[[ Provided records, beginning ]]
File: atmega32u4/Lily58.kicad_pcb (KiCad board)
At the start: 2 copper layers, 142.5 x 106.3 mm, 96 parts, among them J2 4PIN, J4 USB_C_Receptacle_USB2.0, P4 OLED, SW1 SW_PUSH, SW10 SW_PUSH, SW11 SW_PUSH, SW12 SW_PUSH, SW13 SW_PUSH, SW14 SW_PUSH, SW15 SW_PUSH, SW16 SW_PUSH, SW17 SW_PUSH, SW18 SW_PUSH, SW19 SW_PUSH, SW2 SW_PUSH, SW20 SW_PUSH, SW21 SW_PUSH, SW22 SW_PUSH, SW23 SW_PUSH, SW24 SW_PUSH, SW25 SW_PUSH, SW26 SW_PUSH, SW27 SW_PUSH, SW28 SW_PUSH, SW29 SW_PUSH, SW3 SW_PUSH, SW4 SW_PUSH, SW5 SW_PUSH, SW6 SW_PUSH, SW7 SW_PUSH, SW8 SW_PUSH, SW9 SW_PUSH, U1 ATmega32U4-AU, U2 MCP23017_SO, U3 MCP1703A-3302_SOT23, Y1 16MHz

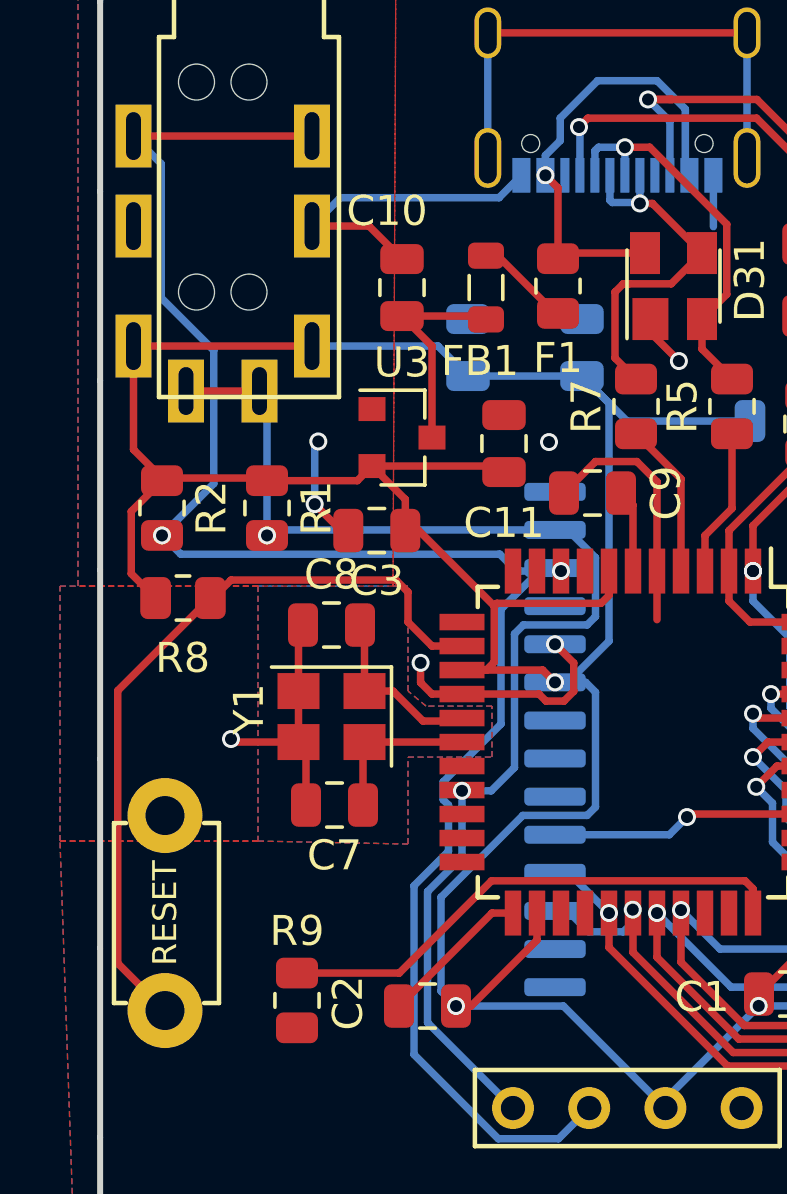
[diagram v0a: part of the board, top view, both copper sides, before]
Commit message: removing ldo on atmega32u4
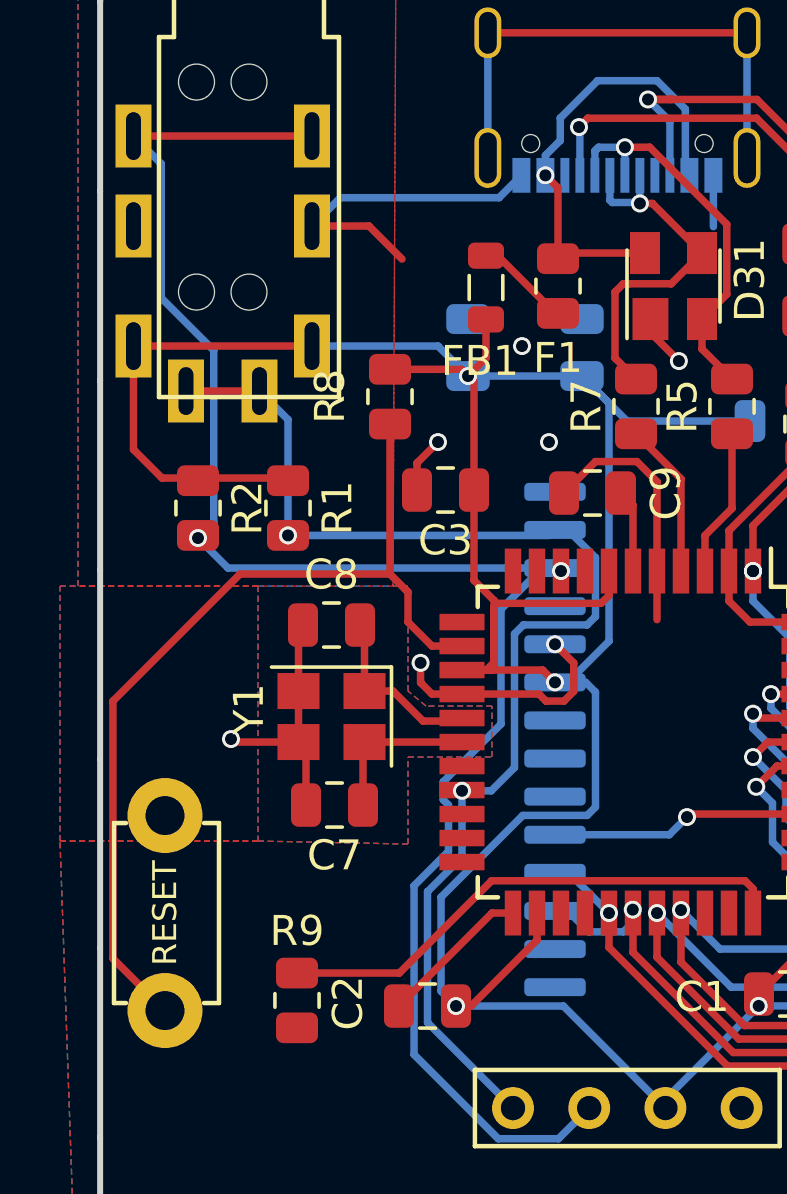
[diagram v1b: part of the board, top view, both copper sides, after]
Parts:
- removed C10, C11: 1uF, Capacitor_SMD:C_0805_2012Metric
- removed U3: MCP1703A-3302_SOT23, Package_TO_SOT_SMD:SOT-23
- moved R8 9.63 mm to (92.6, 51.3), turned to 270 degrees
- moved C3 2.66 mm to (94.5, 54.4)
- moved R2 1.20 mm to (86.2, 55.0)
- moved R1 0.70 mm to (89.2, 55.0)
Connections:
- C1 pad 1: +3V3 -> +5V
- C2 pad 1: +3V3 -> +5V
- C3 pad 1: +3V3 -> +5V
- C4 pad 1: +3V3 -> +5V
- C5 pad 1: +3V3 -> +5V
- C6 pad 1: +3V3 -> +5V
- J2 pad 1: +3V3 -> +5V
- P4 pad 3: +3V3 -> +5V
- R1 pad 1: +3V3 -> +5V
- R2 pad 1: +3V3 -> +5V
- R3 pad 2: +3V3 -> +5V
- R8 pad 1: +3V3 -> +5V
- U1 pad 14: +3V3 -> +5V
- U1 pad 2: +3V3 -> +5V
- U1 pad 24: +3V3 -> +5V
- U1 pad 34: +3V3 -> +5V
- U1 pad 44: +3V3 -> +5V
- U1 pad 7: +3V3 -> +5V
- U2 pad 3: row3 -> row4
- U2 pad 4: row4 -> row3
- U2 pad 9: +3V3 -> +5V
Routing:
- net +3V3: track 144.6 -> 0.00 mm, vias 4 -> 0
- net +5V: track 7.31 -> 141.5 mm, vias 0 -> 5
- net Net-(R8-Pad2): track 26.0 -> 31.1 mm
- net GND: track 58.7 -> 56.6 mm
- net SCL: track 62.6 -> 60.8 mm
[[ Provided records, end ]]
The copy you give must repeat each record character for character, but it must not include the pictures.

File: atmega32u4/Lily58.kicad_pcb (KiCad board)
At the start: 2 copper layers, 142.5 x 106.3 mm, 96 parts, among them J2 4PIN, J4 USB_C_Receptacle_USB2.0, P4 OLED, SW1 SW_PUSH, SW10 SW_PUSH, SW11 SW_PUSH, SW12 SW_PUSH, SW13 SW_PUSH, SW14 SW_PUSH, SW15 SW_PUSH, SW16 SW_PUSH, SW17 SW_PUSH, SW18 SW_PUSH, SW19 SW_PUSH, SW2 SW_PUSH, SW20 SW_PUSH, SW21 SW_PUSH, SW22 SW_PUSH, SW23 SW_PUSH, SW24 SW_PUSH, SW25 SW_PUSH, SW26 SW_PUSH, SW27 SW_PUSH, SW28 SW_PUSH, SW29 SW_PUSH, SW3 SW_PUSH, SW4 SW_PUSH, SW5 SW_PUSH, SW6 SW_PUSH, SW7 SW_PUSH, SW8 SW_PUSH, SW9 SW_PUSH, U1 ATmega32U4-AU, U2 MCP23017_SO, U3 MCP1703A-3302_SOT23, Y1 16MHz

[diagram v0a: part of the board, top view, both copper sides, before]
Commit message: removing ldo on atmega32u4
[diagram v1b: part of the board, top view, both copper sides, after]
Parts:
- removed C10, C11: 1uF, Capacitor_SMD:C_0805_2012Metric
- removed U3: MCP1703A-3302_SOT23, Package_TO_SOT_SMD:SOT-23
- moved R8 9.63 mm to (92.6, 51.3), turned to 270 degrees
- moved C3 2.66 mm to (94.5, 54.4)
- moved R2 1.20 mm to (86.2, 55.0)
- moved R1 0.70 mm to (89.2, 55.0)
Connections:
- C1 pad 1: +3V3 -> +5V
- C2 pad 1: +3V3 -> +5V
- C3 pad 1: +3V3 -> +5V
- C4 pad 1: +3V3 -> +5V
- C5 pad 1: +3V3 -> +5V
- C6 pad 1: +3V3 -> +5V
- J2 pad 1: +3V3 -> +5V
- P4 pad 3: +3V3 -> +5V
- R1 pad 1: +3V3 -> +5V
- R2 pad 1: +3V3 -> +5V
- R3 pad 2: +3V3 -> +5V
- R8 pad 1: +3V3 -> +5V
- U1 pad 14: +3V3 -> +5V
- U1 pad 2: +3V3 -> +5V
- U1 pad 24: +3V3 -> +5V
- U1 pad 34: +3V3 -> +5V
- U1 pad 44: +3V3 -> +5V
- U1 pad 7: +3V3 -> +5V
- U2 pad 3: row3 -> row4
- U2 pad 4: row4 -> row3
- U2 pad 9: +3V3 -> +5V
Routing:
- net +3V3: track 144.6 -> 0.00 mm, vias 4 -> 0
- net +5V: track 7.31 -> 141.5 mm, vias 0 -> 5
- net Net-(R8-Pad2): track 26.0 -> 31.1 mm
- net GND: track 58.7 -> 56.6 mm
- net SCL: track 62.6 -> 60.8 mm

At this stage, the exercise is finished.